Does anyone have any decent photos of algae - close-ups or tanks riddled with it, please?

In particular I'd like BGA and BBA.  A 'nice' aquascape with obvious algae would be great too.

Post 800 x 500ish pixel shots on here and I'll PM you if I can use them.  

The originals need to be high quality jpegs, preferbly over 2000x1500 pixels or so, but will consider smaller images.

If your images are featured I will send you a copy of the PFK that they'll be used in and you'll be credited with the photo(s).


----------



## JamesM (13 Feb 2009)

We'll be credited, but will we retain copyright, George?

And will the images be abused once submitted? ie, used again and again by PFK without notice?

I've a small amount of Cladophora I think... could try and get some pics of it later.


----------



## George Farmer (13 Feb 2009)

JamesM said:
			
		

> We'll be credited, but will we retain copyright, George?


Yes.



> And will the images be abused once submitted? ie, used again and again by PFK without notice?


No, they won't be 'abused', or used again without notice.



> I've a small amount of Cladophora I think... could try and get some pics of it later


Thanks.  That would be appreciated, if you did.


----------



## JamesM (13 Feb 2009)

Great, I'll see what I can do later... my son has a nasty habit if hiding my camera :?


----------



## Tom (13 Feb 2009)

I have every type of algae I can think of, so you're welcome to bring the camera round mine for the evening!


----------



## johnny70 (13 Feb 2009)

viewtopic.php?f=19&t=745 few closeup's of BBA here

I have the original somewhere if you can you them  

JOHNNY


----------



## JamesC (13 Feb 2009)

johnny70 said:
			
		

> http://ukaps.org/forum/viewtopic.php?f=19&t=745 few closeup's of BBA here
> 
> I have the original somewhere if you can you them
> 
> JOHNNY


Nice piccies. For info they are more staghorn than BBA

George, I'd like to help but all the photo's on my website are copyright and I don't have any as I never get algae  

James


----------



## George Farmer (13 Feb 2009)

Thanks, guys.

I can't view any images right now but will get back to relevant members when I can.


----------



## Superman (13 Feb 2009)

I'll have Green Spot Algae on thee glass if you require a close up of that?


----------



## George Farmer (14 Feb 2009)

Thanks for all the replies.

I have induced most forms of algae myself in my 60cm over the last week so I'll be using that for photos before I do the stripdown.  

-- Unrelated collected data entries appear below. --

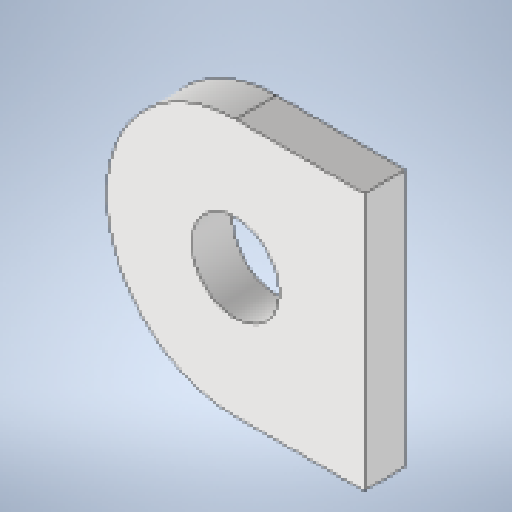
# Autodesk Inventor part: PNS-0872 roof ring
Saved by Autodesk Inventor 2025.1 (Build 291241020, 241B)
## iProperties
Created: 2024-05-23
Part Number: PNS-0872 roof ring
Material: Generic
Document SubType Name: Sheet Metal
Designer: user
Mass: 0.559799 g
Surface Area: 23.3947 cm^2
Volume: 0.559799 cm^3
Density: 1 g/cm^3
Flat Pattern Width: 5 cm
Flat Pattern Length: 5 cm
Flat Pattern Area: 25 cm^2
Sheet Metal Rule: Default_mm
Sheet Metal Width: 50.000 mm
Sheet Metal Length: 50.000 mm
Sheet Metal Area: 2500.000 mm^2
Appearance: Default
Author: admin
Autodesk Inventor part; units mm, degrees
ref_plane "YZ Plane" through (0, 0, 0) normal (1, 0, 0) x (0, 1, 0)
ref_plane "XZ Plane" through (0, 0, 0) normal (0, 1, 0) x (-1, 0, 0)
ref_plane "XY Plane" through (0, 0, 0) normal (0, 0, 1) x (1, 0, 0)
sketch "Sketch1" plane through (0, 0, 0) normal (0, 0, 1) x (1, 0, 0)
  line L0 (-25, 25) -> (25, 25)
  line L1 (25, 25) -> (25, -25)
  line L2 (25, -25) -> (-25, -25)
  line L3 (-25, -25) -> (-25, 25)
  line L4 (-25, 25) -> (25, -25) construction
  line L5 (25, 25) -> (-25, -25) construction
  circle A0 centre (0, 0) radius 8.5
  line L6 (0, 25) -> (0, -25) construction
  arc A1 (0, 25) -> (0, -25) centre (0, 0) ccw
  point P0 (0, 0)
  point P1 (-25, 0)
  dimension "d0" = 50
  dimension "d1" = 50
  dimension "d14" = 17
  measures "d0" distance of L1.end L2.end
  measures "d1" distance of L0.end L1.end
  measures "d14" diameter of A0
extrude "Plate1" add sketch "Sketch1" along normal blind 8 contours L0 L1 L2 A1
equation "\"d2\" = Thickness"
equation "\"BendRadius\" = Thickness"
equation "\"BendReliefWidth\" = Thickness"
equation "\"BendReliefDepth\" = 0.5 * Thickness"
equation "\"CornerReliefSize\" = 4 * Thickness"
equation "\"MinimumRemnant\" = 2 * Thickness"
equation "\"TransitionRadius\" = BendRadius"
equation "\"JacobiRadiusSize\" = BendRadius"
equation "\"GapSize\" = Thickness"
equation "\"Thickness\" = 8"
body "Solid1"
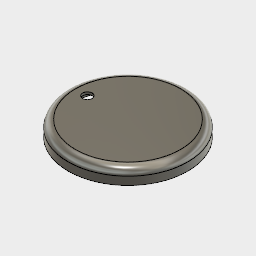
03 Desk Lamp v3 (Autodesk Fusion 360 design; units mm, degrees)
Autodesk Fusion 360 part; units mm, degrees
sketch "LampBase" plane through (0, 0, 0) normal (0, 0, 1) x (1, 0, 0)
  line L0 (0, 0) -> (125, 0)
  line L1 (125, 0) -> (125, 32)
  line L2 (125, 32) -> (0, 32)
  line L3 (0, 32) -> (0, 0)
  dimension "d1" = 125
  dimension "d2" = 32
  measures "d1" distance of L0.start L0.end
  measures "d2" distance of L0.start L2.end
revolve "Revolve1" add sketch "LampBase" angle 360 about axis through (0, 32, 0) along (0, -1, 0)
fillet "Fillet1" radius 15 1 edges at (-116.5409, 32, -45.2019)
shell "Shell1" thickness 5 removed faces 1 at (-15.2225, 0, 33.3824)
sketch "Sketch2" plane through (0, 32, 0) normal (0, 1, 0) x (-1, 0, 0)
  circle A0 centre (0, 0) radius 110
  circle A1 centre (85, 0) radius 10
  dimension "d6" = 20
  dimension "d7" = 85
  measures "d6" diameter of A1
  measures "d7" distance of A0.centre A1.centre
extrude "Extrude1" cut sketch "Sketch2" against normal blind 10 contours A1
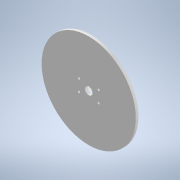
# Autodesk Inventor part: Base2
Saved by Autodesk Inventor 2021 (Build 250183000, 183)
## iProperties
Created: 2021-03-29
Part Number: Base2
Material: Genérico
Document SubType Name: Modeling
Designer: diego
Density: 1 g/cm^3
Appearance: Valor por defecto
Author: diego
Autodesk Inventor part; units mm, degrees
ref_plane "YZ Plane" through (0, 0, 0) normal (1, 0, 0) x (0, 1, 0)
ref_plane "XZ Plane" through (0, 0, 0) normal (0, 1, 0) x (-1, 0, 0)
ref_plane "XY Plane" through (0, 0, 0) normal (0, 0, 1) x (1, 0, 0)
sketch "Boceto1" plane through (0, 0, 0) normal (0, 0, 1) x (1, 0, 0)
  circle A0 centre (0, 0) radius 55
  constraints: 1 centre point, 1 coincident
extrude "Extrusión1" add sketch "Boceto1" against normal blind 3
sketch "Boceto2" plane through (0, 0, 0) normal (0, 0, 1) x (1, 0, 0)
  circle A0 centre (0, 0) radius 4.5
  constraints: 1 centre point, 1 coincident
hole "Agujero1" at (0, 0, 0) direction (0, 0, -1) diameter 9 end through all
sketch "Boceto3" plane through (0, 0, 0) normal (0, 0, 1) x (1, 0, 0)
  line L0 (0, 0) -> (-11.5, 0)
  circle A0 centre (-11.5, 6.75) radius 1.25
  circle A1 centre (11.5, 6.75) radius 1.25
  circle A2 centre (11.5, -6.75) radius 1.25
  circle A3 centre (-11.5, -6.75) radius 1.25
  constraints: 4 centre point, 2 end point, 1 horizontal
hole "Agujero2" at (11.5, -6.75, 0) at (-11.5, 6.75, 0) at (-11.5, -6.75, 0) at (11.5, 6.75, 0) direction (0, 0, -1) diameter 2.5 end through all
sketch "Boceto4" plane through (0, 0, -3) normal (0, 0, -1) x (-1, 0, 0)
  point P0 (0, 0)
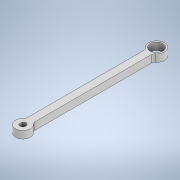
# Autodesk Inventor part: eslabon2
Saved by Autodesk Inventor 2021 (Build 250183000, 183)
## iProperties
Created: 2022-10-24
Part Number: eslabon2
Material: Genérico
Document SubType Name: Modeling
Designer: ivanm
Density: 1 g/cm^3
Appearance: Valor por defecto
Author: ivanm
Autodesk Inventor part; units mm, degrees
ref_plane "YZ Plane" through (0, 0, 0) normal (1, 0, 0) x (0, 1, 0)
ref_plane "XZ Plane" through (0, 0, 0) normal (0, 1, 0) x (-1, 0, 0)
ref_plane "XY Plane" through (0, 0, 0) normal (0, 0, 1) x (1, 0, 0)
sketch "Boceto2" plane through (0, 0, 0) normal (0, 1, 0) x (-1, 0, 0)
  arc A0 (5, 0) -> (-5, 0) centre (0, 0) ccw
  arc A1 (1.2, 2.1932) -> (1.2, -2.1932) centre (0, 0) ccw
  line L0 (1.2, 2.1932) -> (1.2, -2.1932)
  line L1 (0, 0) -> (0, -180) construction
  circle A2 centre (0, -180) radius 8.75
  arc A3 (-6.8254, -171.6948) -> (6.8254, -171.6948) centre (0, -180) ccw
  line L2 (5, -11.1803) -> (5, -167.8319)
  line L3 (-5, -11.1803) -> (-5, -167.8319)
  arc A4 (-6.8254, -171.6948) -> (-5, -167.8319) centre (-10, -167.8319) ccw
  arc A5 (5, -167.8319) -> (6.8254, -171.6948) centre (10, -167.8319) ccw
  arc A6 (6.6667, -7.4536) -> (-6.6667, -7.4536) centre (0, 0) ccw
  arc A7 (6.6667, -7.4536) -> (5, -11.1803) centre (10, -11.1803) ccw
  arc A8 (-5, -11.1803) -> (-6.6667, -7.4536) centre (-10, -11.1803) ccw
  point P0 (-5, -170.4836)
  point P1 (5, -170.4836)
  point P2 (5, -8.6603)
  point P3 (-5, -8.6603)
  dimension "d13" = 10
  dimension "d14" = 5
  dimension "d15" = 1.2
  dimension "d16" = 180
  dimension "d17" = 17.5
  dimension "d18" = 2
  dimension "d19" = 5
  dimension "d27" = 20
  dimension "d28" = 5
  dimension "d29" = 5
  constraints: 20 point on circle, 10 tangent, 9 centre point, 8 end point, 5 coincident, 4 point on line, 3 vertical, 1 equal radius, 1 parallel
  measures "d13" diameter of A0
  measures "d14" diameter of A1
  measures "d15" distance from line of point (0, 0) L0
  measures "d16" distance of L1.start L1.end
  measures "d17" diameter of A2
  measures "d18" radial gap between concentric circles of A3 A2
  measures "d19" radius of A4
  measures "d27" diameter of A6
  measures "d28" radius of A7
  measures "d29" radius of A8
extrude "Extrusión2" add sketch "Boceto2" along normal blind 10
sketch "Boceto3" plane through (0, 10, 0) normal (0, 1, 0) x (1, 0, 0)
  circle A0 centre (0, 0) radius 4
  line L0 (-3, -2.6458) -> (-3, 2.6458)
  line L1 (-3, -2.6458) -> (4.3142, -2.6458) construction
  dimension "d22" = 8
  dimension "d25" = 90
  dimension "d26" = 3
  constraints: 4 end point, 2 point on circle, 1 centre point, 1 coincident, 1 horizontal
  measures "d22" diameter of A0
  measures "d25" angle of L1 L0
  measures "d26" distance from line of point (0, 0) L0
extrude "Extrusión3" cut sketch "Boceto3" against normal blind 10 contours A0 L0 picked at (0.3596, 0.8073)
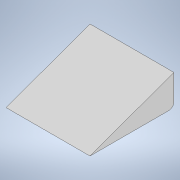
# Autodesk Inventor part: 20Grad_Winkelreduktion
Saved by Autodesk Inventor 2020 (Build 240168000, 168)
## iProperties
Created: 2020-07-10
Part Number: 20Grad_Winkelreduktion
Material: Generisch
Document SubType Name: Modeling
Designer: MartinDJay
Density: 1 g/cm^3
Appearance: Vorgabe
Author: MartinDJay
Autodesk Inventor part; units mm, degrees
ref_plane "YZ Plane" through (0, 0, 0) normal (1, 0, 0) x (0, 1, 0)
ref_plane "XZ Plane" through (0, 0, 0) normal (0, 1, 0) x (-1, 0, 0)
ref_plane "XY Plane" through (0, 0, 0) normal (0, 0, 1) x (1, 0, 0)
sketch "Skizze1" plane through (0, 0, 0) normal (1, 0, 0) x (0, 1, 0)
  line L0 (0, 17) -> (0, -17)
  line L1 (0, -17) -> (12.375, -17)
  line L2 (12.375, -17) -> (0, 17)
  point P0 (0, 0)
  point P1 (0, 0)
  dimension "d0" = 34
  dimension "d1" = 20
  constraints: 6 end point, 1 coincident, 1 midpoint, 1 perpendicular, 1 vertical
  measures "d0" distance of L0.start L0.end
  measures "d1" angle of L2 L0
extrude "Extrusion1" add sketch "Skizze1" along normal mid plane 34
fillet "Rundung1" radius 2 1 edges at (0, 0, -17)

Amazing what double lighting, no CO2 or other nutrients can do over a few days...  It proves a few points for my next article too.

I am still very interested in BBA (black beard/brush algae) shots though, please.  Deadline is Sun 15th Feb.


----------



## JohnC (18 Feb 2009)

Hi George,

How about the very rare "my flatmate was left in charge of feeding the fish for two weeks while i was at a music festival in Serbia" algae?










 

Best Regards,

John


----------



## Tony Swinney (18 Feb 2009)

Not sure if the algae, or the pics are good enough, but here is my BBA   

Tony


----------



## George Farmer (19 Feb 2009)

Thanks, guys.

I no longer require any photos, but it's great to see these anyway!



			
				George Farmer said:
			
		

> Deadline is Sun 15th Feb.


----------



## Tony Swinney (19 Feb 2009)

> Deadline is Sun 15th Feb



Ooops - missed that bit. Sorry George


----------



## George Farmer (19 Feb 2009)

Tonser said:
			
		

> > Deadline is Sun 15th Feb
> 
> 
> 
> Ooops - missed that bit. Sorry George


No probs mate.  Always good to see more algae pics!


----------